■ **Task description**: Pictures stay out of this copy, which runs from the first line of the material through the line containing "Circle(SKETCH11_R)".

■ **Data in this exercise**:

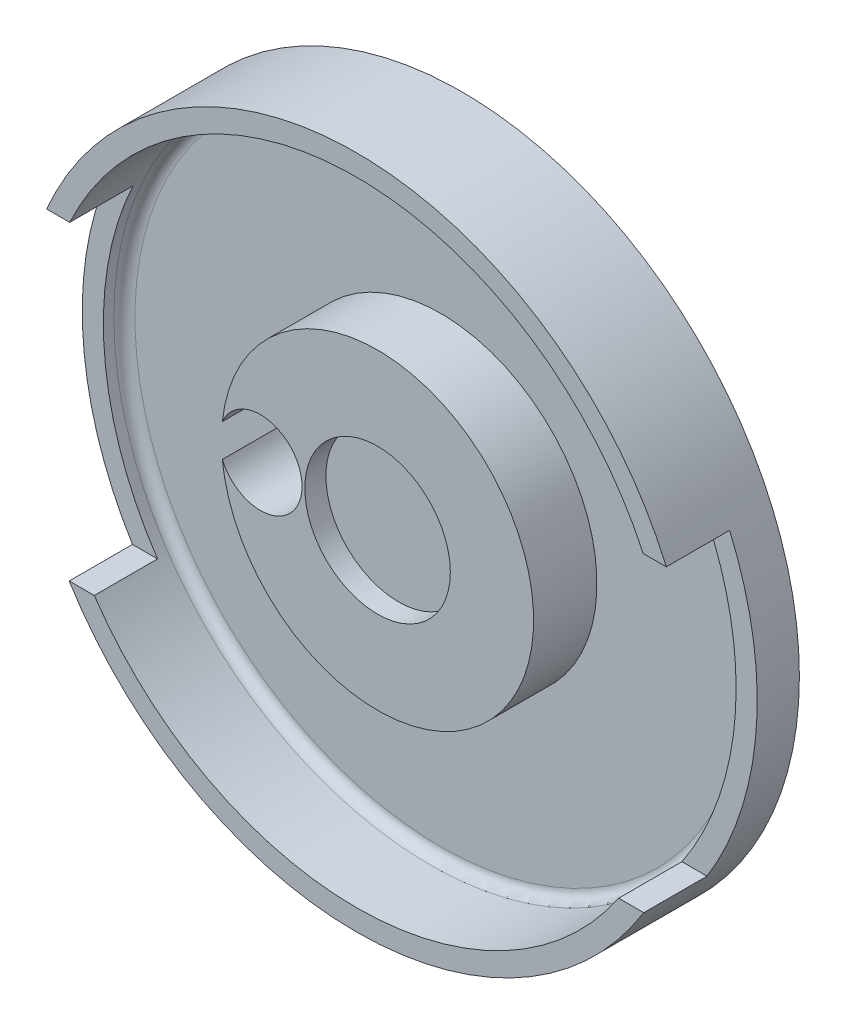
from build123d import *

# Parameters (mm, degrees)
SKETCH1_R           = 16
BOSS_EXTRUDE1_DEPTH = 5
SKETCH3_R           = 15
CUT_EXTRUDE1_DEPTH  = 4
FILLET1_R           = 0.5
SKETCH7_W           = 5.268501054
SKETCH7_H           = 14.735182388
CUT_EXTRUDE2_DEPTH  = 11
SKETCH8_R           = 7.4
BOSS_EXTRUDE2_DEPTH = 3
SKETCH9_R           = 3.45
CUT_EXTRUDE3_DEPTH  = 1
SKETCH11_R          = 1.969447503
CUT_EXTRUDE4_DEPTH  = 10


with BuildPart() as part:
    # Sketch1 → Boss-Extrude1 (new body)
    with BuildSketch(Plane.XY):
        Circle(SKETCH1_R)
    extrude(amount=BOSS_EXTRUDE1_DEPTH)

    # Sketch3 → Cut-Extrude1 (cut)
    with BuildSketch(Plane.XY.offset(5)):
        Circle(SKETCH3_R)
    extrude(amount=-CUT_EXTRUDE1_DEPTH, mode=Mode.SUBTRACT)

    # Fillet1
    fillet1_edges = [part.edges().sort_by_distance(p)[0] for p in [
        (-15, 0, 1),
    ]]
    fillet(fillet1_edges, radius=FILLET1_R)

    # Sketch7 → Cut-Extrude2 (cut)
    with BuildSketch(Plane.XY.offset(13)):
        with Locations((-14.456252894, -1.028256592)):
            Rectangle(SKETCH7_W, SKETCH7_H)
    cut_extrude2 = extrude(amount=-CUT_EXTRUDE2_DEPTH, mode=Mode.SUBTRACT)

    # Mirror1: Cut-Extrude2 across plane
    add(cut_extrude2.mirror(Plane(origin=(0, 0, 0), x_dir=(0, 0, 1), z_dir=(1, 0, 0))), mode=Mode.SUBTRACT)

    # Sketch8 → Boss-Extrude2 (add)
    with BuildSketch(Plane.XY.offset(1)):
        Circle(SKETCH8_R)
    extrude(amount=BOSS_EXTRUDE2_DEPTH)

    # Sketch9 → Cut-Extrude3 (cut)
    with BuildSketch(Plane.XY.offset(4)):
        Circle(SKETCH9_R)
    extrude(amount=-CUT_EXTRUDE3_DEPTH, mode=Mode.SUBTRACT)

    # Sketch11 → Cut-Extrude4 (cut)
    with BuildSketch(Plane.XY.offset(4)):
        with Locations((-5.549660814, 0)):
            Circle(SKETCH11_R)
    extrude(amount=-CUT_EXTRUDE4_DEPTH, mode=Mode.SUBTRACT)


solid = part.part
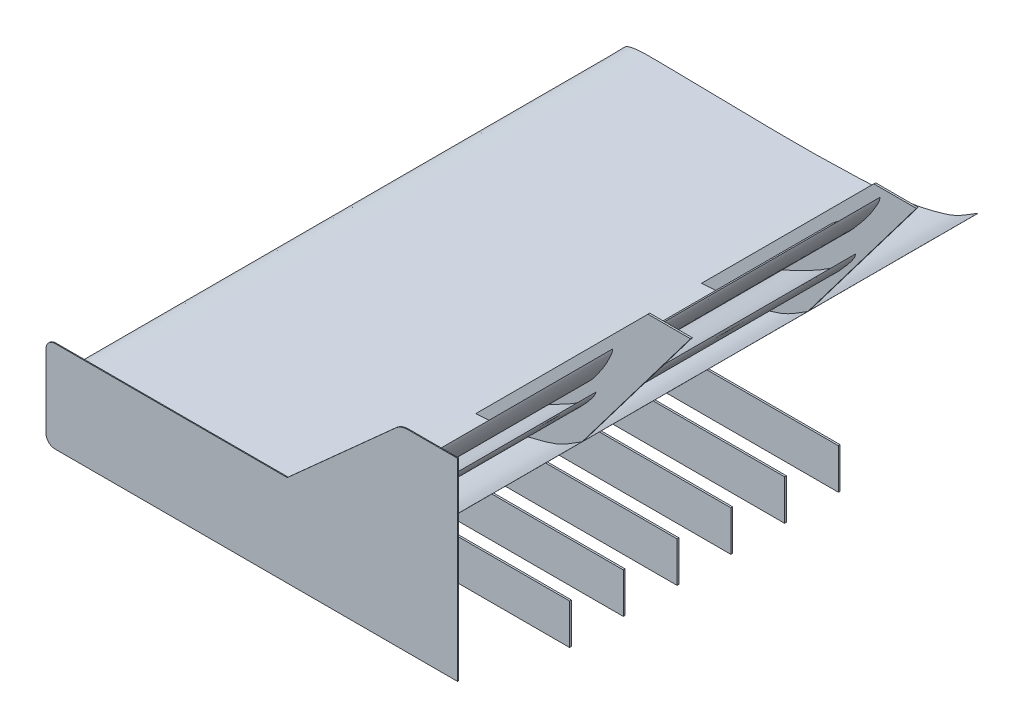
from build123d import *

# Parameters (mm, degrees)
BOSS_EXTRUDE1_DEPTH      = 450
BOSS_EXTRUDE1_DEPTH_BACK = 190
BOSS_EXTRUDE2_DEPTH      = 250
BOSS_EXTRUDE3_DEPTH      = 250
BOSS_EXTRUDE4_DEPTH      = 2
BOSS_EXTRUDE5_DEPTH      = 2
LPATTERN1_COUNT          = 6
LPATTERN1_PITCH          = 60
BOSS_EXTRUDE6_DEPTH      = 190
BOSS_EXTRUDE6_DEPTH_BACK = 9
BOSS_EXTRUDE7_DEPTH      = 190
BOSS_EXTRUDE7_DEPTH_BACK = 8
BOSS_EXTRUDE8_DEPTH      = 1


with BuildPart() as part:
    # Sketch2 → Boss-Extrude1 (new, two sides: drawn at the far end of the back side and taken through both)
    with BuildSketch(Plane.XY.offset(-BOSS_EXTRUDE1_DEPTH_BACK)):
        with BuildLine():
            add(Edge.make_bspline(
                [(331.632547469, -0.155801536), (331.304804648, -0.038615704), (310.948001787, -13.886411779), (288.850742925, -21.453130062), (253.898831549, -29.814375257), (214.402036751, -32.174399069), (174.203238421, -33.535466036), (134.096691432, -34.220910528), (93.868451095, -33.829088664), (53.62355674, -32.933544742), (20.067576666, -32.58062124), (-6.777768577, -32.081964586), (-26.866972083, -31.763971163), (-43.660957345, -31.602077129), (-55.316512, -33.133657225), (-63.217346314, -35.786601004), (-68.168954816, -45.852182452), (-60.935621688, -55.143256382), (-52.810223066, -63.238049464), (-43.602034193, -69.792541019), (-32.757735565, -75.632989434), (-18.848696071, -81.50408464), (-1.571951466, -86.671839376), (25.726118264, -91.610196978), (59.59912915, -93.637086079), (99.829747098, -91.985368399), (139.702918156, -86.499514592), (178.98654912, -76.560782021), (217.989675389, -62.830670059), (256.048180454, -46.795741281), (289.832491564, -28.762312202), (310.639103485, -16.232870327), (331.977351639, -0.279087725), (331.632547469, -0.155801536)],
                knots=[0, 0, 0, 0, 0.026267805, 0.05101645, 0.098803999, 0.146245906, 0.193788091, 0.241403109, 0.289125069, 0.336906896, 0.384666303, 0.408554379, 0.43243685, 0.456234374, 0.468111913, 0.474323291, 0.485191068, 0.501620174, 0.510955397, 0.526909994, 0.541277728, 0.554823463, 0.580548385, 0.605270102, 0.653410558, 0.700937477, 0.748405772, 0.79632416, 0.845052217, 0.894743241, 0.94586851, 0.972364768, 1, 1, 1, 1], degree=3))
        make_face()
    extrude(amount=BOSS_EXTRUDE1_DEPTH + BOSS_EXTRUDE1_DEPTH_BACK)



with BuildPart() as body_2:
    # Sketch2<3> → Boss-Extrude2 (new body)
    with BuildSketch(Plane.XY):
        with BuildLine():
            add(Edge.make_bspline(
                [(385.257108205, 82.500998533), (385.262718652, 82.657045888), (384.403940943, 80.687432876), (383.657706576, 79.56840288), (382.553376289, 77.880744826), (381.233954331, 76.184864639), (379.61594752, 74.258915124), (377.736638316, 72.185446603), (375.60037444, 70.008528092), (373.309357382, 67.729611065), (370.848412879, 65.463576841), (368.293558252, 63.204775791), (365.670442902, 60.975213159), (362.960640755, 58.823348985), (360.203555415, 56.707277406), (357.380855488, 54.655553979), (354.491780752, 52.664392505), (351.549990289, 50.712937144), (348.535317242, 48.824783821), (345.459140164, 46.97521262), (342.311610123, 45.164747337), (339.089536673, 43.392367707), (335.790722934, 41.638176888), (332.415279089, 39.903970969), (328.964217848, 38.171435976), (325.436978114, 36.454789012), (321.858304333, 34.715167763), (318.229022674, 32.983721032), (314.604470592, 31.240931416), (311.029640761, 29.517736405), (307.560681425, 27.861865366), (304.282963455, 26.214837697), (301.21634104, 24.634441536), (298.438022747, 23.094390469), (295.987599383, 21.705919431), (293.95353301, 20.479373817), (292.319432576, 19.464657151), (291.025508113, 18.656269033), (290.006404313, 17.976500048), (289.197724902, 17.387794544), (288.519811704, 16.890485717), (287.960517662, 16.43974363), (287.491120754, 16.025982717), (287.102483552, 15.628801651), (286.801311256, 15.221074048), (286.620429119, 14.776157027), (286.630563726, 14.313890741), (286.79585874, 13.900921156), (287.049630073, 13.538720769), (287.33911776, 13.180813577), (287.701362098, 12.840834513), (288.12857904, 12.511641561), (288.613828785, 12.17448135), (289.174108848, 11.837901495), (289.831514382, 11.525459152), (290.574572898, 11.185189517), (291.448138906, 10.886107434), (292.456337958, 10.57903469), (293.639228133, 10.330006302), (295.008806857, 10.106803979), (296.581131911, 9.935256527), (298.356625654, 9.840500169), (300.302687346, 9.838403517), (302.383471629, 9.965075455), (304.550884742, 10.23286767), (306.770919976, 10.662341838), (309.014855996, 11.254763585), (311.277583013, 12.004951978), (313.554633497, 12.923876771), (315.843408831, 14.040342457), (318.179815559, 15.317754704), (320.56157534, 16.827336468), (323.046696009, 18.540389618), (325.646982127, 20.497688236), (328.400201588, 22.653022964), (331.288852626, 24.971043441), (334.271310095, 27.418603889), (337.317258268, 29.936530581), (340.392398086, 32.478079948), (343.429471804, 35.041894513), (346.434689872, 37.565239214), (349.369794303, 40.070591518), (352.210756975, 42.580941419), (354.983071887, 45.080285535), (357.691572396, 47.589560364), (360.325362768, 50.144615375), (362.915500017, 52.741685683), (365.469865367, 55.378268458), (367.979827785, 58.066762505), (370.450880224, 60.774207375), (372.8462526, 63.48980126), (375.132812849, 66.162720111), (377.240585914, 68.748948508), (379.141540172, 71.160075747), (380.769551114, 73.369334894), (382.123157635, 75.328211383), (383.196109299, 77.0816532), (384.035946379, 78.61947015), (384.607394543, 80.176109737), (384.884574537, 81.247822033), (385.253896678, 82.411674068), (385.257108205, 82.500998533)],
                knots=[0, 0, 0, 0, 0.00687178, 0.013318497, 0.020777589, 0.02943689, 0.039410878, 0.050612524, 0.062849331, 0.075765159, 0.089149388, 0.102734838, 0.116433622, 0.130198357, 0.143995866, 0.157878947, 0.171808007, 0.185837334, 0.19997499, 0.214225182, 0.228640874, 0.243274633, 0.258077981, 0.273195932, 0.288529679, 0.304128025, 0.319976941, 0.335982504, 0.352082187, 0.367938781, 0.383309211, 0.397921185, 0.411683605, 0.424447294, 0.435801067, 0.445269473, 0.452770848, 0.458740355, 0.463463732, 0.467375516, 0.470668278, 0.473489106, 0.475938642, 0.478127703, 0.480104281, 0.481956658, 0.483742746, 0.485466599, 0.487184503, 0.489002786, 0.490948619, 0.493091457, 0.495430759, 0.497992892, 0.500874767, 0.504106146, 0.507732688, 0.511874729, 0.516668635, 0.522133279, 0.528420065, 0.535519847, 0.543327695, 0.551615211, 0.560364178, 0.569353407, 0.578559851, 0.588022127, 0.597764961, 0.607818479, 0.618374991, 0.629504087, 0.641429754, 0.654362395, 0.668309494, 0.683127591, 0.698529964, 0.714320123, 0.730256731, 0.746106292, 0.761718272, 0.777054096, 0.792125015, 0.806928363, 0.821567252, 0.836153821, 0.850685769, 0.865307939, 0.87993042, 0.894546754, 0.909020415, 0.923112208, 0.936492017, 0.948805381, 0.959726546, 0.969206481, 0.977217575, 0.98415149, 0.990330215, 0.996066463, 1, 1, 1, 1], degree=3))
        make_face()
    extrude(amount=BOSS_EXTRUDE2_DEPTH)


with BuildPart() as body_3:
    # Sketch2<4> → Boss-Extrude3 (new body)
    with BuildSketch(Plane.XY):
        with BuildLine():
            add(Edge.make_bspline(
                [(412.154609526, 150.484462569), (412.140228109, 150.587563161), (411.804420618, 149.195019595), (411.444034038, 148.37394516), (410.914371183, 147.138089374), (410.244444203, 145.871935257), (409.405118851, 144.420165959), (408.411316021, 142.841294963), (407.26078849, 141.164758592), (406.020467443, 139.403341197), (404.667091101, 137.630710129), (403.251221795, 135.851956371), (401.787151898, 134.084496527), (400.257173984, 132.358013376), (398.692009287, 130.649555681), (397.076316795, 128.975749124), (395.410035703, 127.33401991), (393.704548111, 125.712256629), (391.943882107, 124.123616288), (390.138369862, 122.553186552), (388.281484535, 121.000171151), (386.371249588, 119.463530895), (384.40852605, 117.929948419), (382.393178336, 116.400615682), (380.327991454, 114.863626089), (378.210951174, 113.328248762), (376.062802091, 111.771833645), (373.880480661, 110.214926771), (371.702577493, 108.651120378), (369.55505052, 107.105934717), (367.469237813, 105.61720598), (365.507958669, 104.156422401), (363.677558258, 102.763822543), (362.031770035, 101.43108645), (360.583709728, 100.235827387), (359.390258446, 99.195078354), (358.434877728, 98.339705419), (357.678949914, 97.659175745), (357.088562796, 97.094904222), (356.625785385, 96.614779255), (356.238280452, 96.209797935), (355.92326274, 95.849121473), (355.662984816, 95.523131558), (355.453809375, 95.217376135), (355.303278937, 94.914821918), (355.23602887, 94.601776861), (355.296197095, 94.299454484), (355.452527247, 94.047459503), (355.661068189, 93.839038956), (355.892561289, 93.637571778), (356.169746474, 93.456297812), (356.488340016, 93.289626927), (356.845956661, 93.124443423), (357.252766413, 92.968326863), (357.720548487, 92.839301284), (358.24778648, 92.701921672), (358.855939571, 92.606691533), (359.553409481, 92.521801073), (360.358851308, 92.495242163), (361.283871589, 92.507251144), (362.336022794, 92.576644557), (363.512672308, 92.719974196), (364.790579456, 92.943884373), (366.142030218, 93.267932311), (367.53401929, 93.694659769), (368.941839626, 94.233629477), (370.346488048, 94.882347431), (371.745209556, 95.63682061), (373.133801126, 96.503733895), (374.507222101, 97.501697714), (375.893282868, 98.610843218), (377.282242452, 99.877667265), (378.715507482, 101.290043731), (380.196107875, 102.876108931), (381.754189157, 104.609896859), (383.382353095, 106.466172544), (385.057108313, 108.418355749), (386.765401642, 110.424087135), (388.490125721, 112.448707099), (390.187280399, 114.483538284), (391.868205628, 116.488111662), (393.505181453, 118.472755601), (395.07977104, 120.449782292), (396.610564819, 122.411636222), (398.098312352, 124.372622544), (399.531710039, 126.355016465), (400.931583852, 128.359941524), (402.303397855, 130.386666888), (403.640050093, 132.442333676), (404.948962582, 134.505937977), (406.20724482, 136.566131284), (407.399028003, 138.585710102), (408.483466274, 140.527675921), (409.452390702, 142.330738615), (410.265486683, 143.969669729), (410.927411259, 145.412448434), (411.428857353, 146.687861232), (411.802216658, 147.794721388), (411.997189294, 148.882869166), (412.055101374, 149.618577418), (412.162841723, 150.425445835), (412.154609526, 150.484462569)],
                knots=[0, 0, 0, 0, 0.00687178, 0.013318497, 0.020777589, 0.02943689, 0.039410878, 0.050612524, 0.062849331, 0.075765159, 0.089149388, 0.102734838, 0.116433622, 0.130198357, 0.143995866, 0.157878947, 0.171808007, 0.185837334, 0.19997499, 0.214225182, 0.228640874, 0.243274633, 0.258077981, 0.273195932, 0.288529679, 0.304128025, 0.319976941, 0.335982504, 0.352082187, 0.367938781, 0.383309211, 0.397921185, 0.411683605, 0.424447294, 0.435801067, 0.445269473, 0.452770848, 0.458740355, 0.463463732, 0.467375516, 0.470668278, 0.473489106, 0.475938642, 0.478127703, 0.480104281, 0.481956658, 0.483742746, 0.485466599, 0.487184503, 0.489002786, 0.490948619, 0.493091457, 0.495430759, 0.497992892, 0.500874767, 0.504106146, 0.507732688, 0.511874729, 0.516668635, 0.522133279, 0.528420065, 0.535519847, 0.543327695, 0.551615211, 0.560364178, 0.569353407, 0.578559851, 0.588022127, 0.597764961, 0.607818479, 0.618374991, 0.629504087, 0.641429754, 0.654362395, 0.668309494, 0.683127591, 0.698529964, 0.714320123, 0.730256731, 0.746106292, 0.761718272, 0.777054096, 0.792125015, 0.806928363, 0.821567252, 0.836153821, 0.850685769, 0.865307939, 0.87993042, 0.894546754, 0.909020415, 0.923112208, 0.936492017, 0.948805381, 0.959726546, 0.969206481, 0.977217575, 0.98415149, 0.990330215, 0.996066463, 1, 1, 1, 1], degree=3))
        make_face()
    extrude(amount=BOSS_EXTRUDE3_DEPTH)


with BuildPart() as part_1:
    add(part.part)

    add(body_2.part)  # Boss-Extrude4 merges body 2

    add(body_3.part)  # Boss-Extrude4 merges body 3
    # Sketch3 → Boss-Extrude4 (add)
    with BuildSketch(Plane.XY):
        with BuildLine():
            Line((213.125966849, -32.061833101), (405.369105002, 160.181305053))
            Line((405.369105002, 160.181305053), (452.864487175, 160.181305053))
            Line((452.864487175, 160.181305053), (331.632547469, -0.155801536))
            add(Edge.make_bspline(
                [(331.632547469, -0.155801536), (331.304804648, -0.038615704), (310.948001787, -13.886411779), (288.850742925, -21.453130062), (253.898831549, -29.814375257), (227.164983916, -31.411783789), (213.51914951, -32.043772488), (213.125966849, -32.061833101)],
                knots=[0, 0, 0, 0, 0.026267805, 0.05101645, 0.098803999, 0.146245906, 0.147653033, 0.147653033, 0.147653033, 0.147653033], degree=3))
        make_face()
    boss_extrude4 = extrude(amount=-BOSS_EXTRUDE4_DEPTH)

    # Mirror1: Boss-Extrude4 across plane
    add(boss_extrude4.mirror(Plane.XY.offset(125)))

    # Sketch4 → Boss-Extrude5 (add)
    with BuildSketch(Plane.XY.offset(65)):
        with BuildLine():
            Line((78.317658396, -92.701211002), (430.835794689, -92.701211002))
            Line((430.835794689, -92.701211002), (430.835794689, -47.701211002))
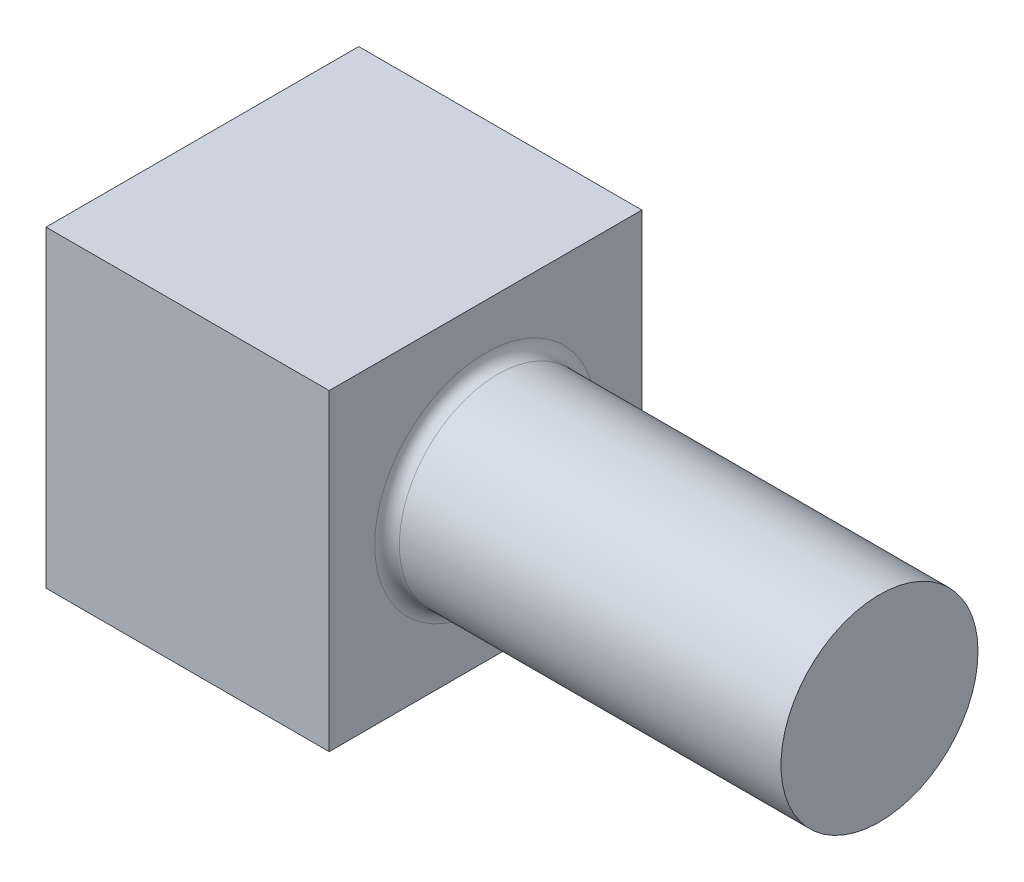
from build123d import *

# Parameters (mm, degrees)
SKETCH1_W           = 12.7
SKETCH1_H           = 12.7
BOSS_EXTRUDE1_DEPTH = 12
SKETCH2_R           = 4
BOSS_EXTRUDE2_DEPTH = 16
FILLET1_R           = 0.5
CHAMFER2_SIZE       = 0.5


with BuildPart() as part:
    # Sketch1 → Boss-Extrude1 (new body)
    with BuildSketch(Plane(origin=(0, 0, 0), x_dir=(0, 0, -1), z_dir=(1, 0, 0))):
        Rectangle(SKETCH1_W, SKETCH1_H)
    extrude(amount=BOSS_EXTRUDE1_DEPTH)

    # Sketch2 → Boss-Extrude2 (add)
    with BuildSketch(Plane(origin=(12, 0, 0), x_dir=(0, 0, -1), z_dir=(1, 0, 0))):
        Circle(SKETCH2_R)
    extrude(amount=BOSS_EXTRUDE2_DEPTH)

    # Fillet1
    fillet1_edges = [part.edges().sort_by_distance(p)[0] for p in [
        (12, 0, 4),
    ]]
    fillet(fillet1_edges, radius=FILLET1_R)

    # Chamfer2
    chamfer2_edges = [part.edges().sort_by_distance(p)[0] for p in [
        (0, 6.35, 0),
        (0, 0, -6.35),
        (0, -6.35, 0),
        (0, 0, 6.35),
    ]]
    chamfer(chamfer2_edges, length=CHAMFER2_SIZE)


solid = part.part

■ **Response to the exercise**:
from build123d import *

# Parameters (mm, degrees)
SKETCH1_R           = 16
BOSS_EXTRUDE1_DEPTH = 5
SKETCH3_R           = 15
CUT_EXTRUDE1_DEPTH  = 4
FILLET1_R           = 0.5
SKETCH7_W           = 5.268501054
SKETCH7_H           = 14.735182388
CUT_EXTRUDE2_DEPTH  = 11
SKETCH8_R           = 7.4
BOSS_EXTRUDE2_DEPTH = 3
SKETCH9_R           = 3.45
CUT_EXTRUDE3_DEPTH  = 1
SKETCH11_R          = 1.969447503
CUT_EXTRUDE4_DEPTH  = 10


with BuildPart() as part:
    # Sketch1 → Boss-Extrude1 (new body)
    with BuildSketch(Plane.XY):
        Circle(SKETCH1_R)
    extrude(amount=BOSS_EXTRUDE1_DEPTH)

    # Sketch3 → Cut-Extrude1 (cut)
    with BuildSketch(Plane.XY.offset(5)):
        Circle(SKETCH3_R)
    extrude(amount=-CUT_EXTRUDE1_DEPTH, mode=Mode.SUBTRACT)

    # Fillet1
    fillet1_edges = [part.edges().sort_by_distance(p)[0] for p in [
        (-15, 0, 1),
    ]]
    fillet(fillet1_edges, radius=FILLET1_R)

    # Sketch7 → Cut-Extrude2 (cut)
    with BuildSketch(Plane.XY.offset(13)):
        with Locations((-14.456252894, -1.028256592)):
            Rectangle(SKETCH7_W, SKETCH7_H)
    cut_extrude2 = extrude(amount=-CUT_EXTRUDE2_DEPTH, mode=Mode.SUBTRACT)

    # Mirror1: Cut-Extrude2 across plane
    add(cut_extrude2.mirror(Plane(origin=(0, 0, 0), x_dir=(0, 0, 1), z_dir=(1, 0, 0))), mode=Mode.SUBTRACT)

    # Sketch8 → Boss-Extrude2 (add)
    with BuildSketch(Plane.XY.offset(1)):
        Circle(SKETCH8_R)
    extrude(amount=BOSS_EXTRUDE2_DEPTH)

    # Sketch9 → Cut-Extrude3 (cut)
    with BuildSketch(Plane.XY.offset(4)):
        Circle(SKETCH9_R)
    extrude(amount=-CUT_EXTRUDE3_DEPTH, mode=Mode.SUBTRACT)

    # Sketch11 → Cut-Extrude4 (cut)
    with BuildSketch(Plane.XY.offset(4)):
        with Locations((-5.549660814, 0)):
            Circle(SKETCH11_R)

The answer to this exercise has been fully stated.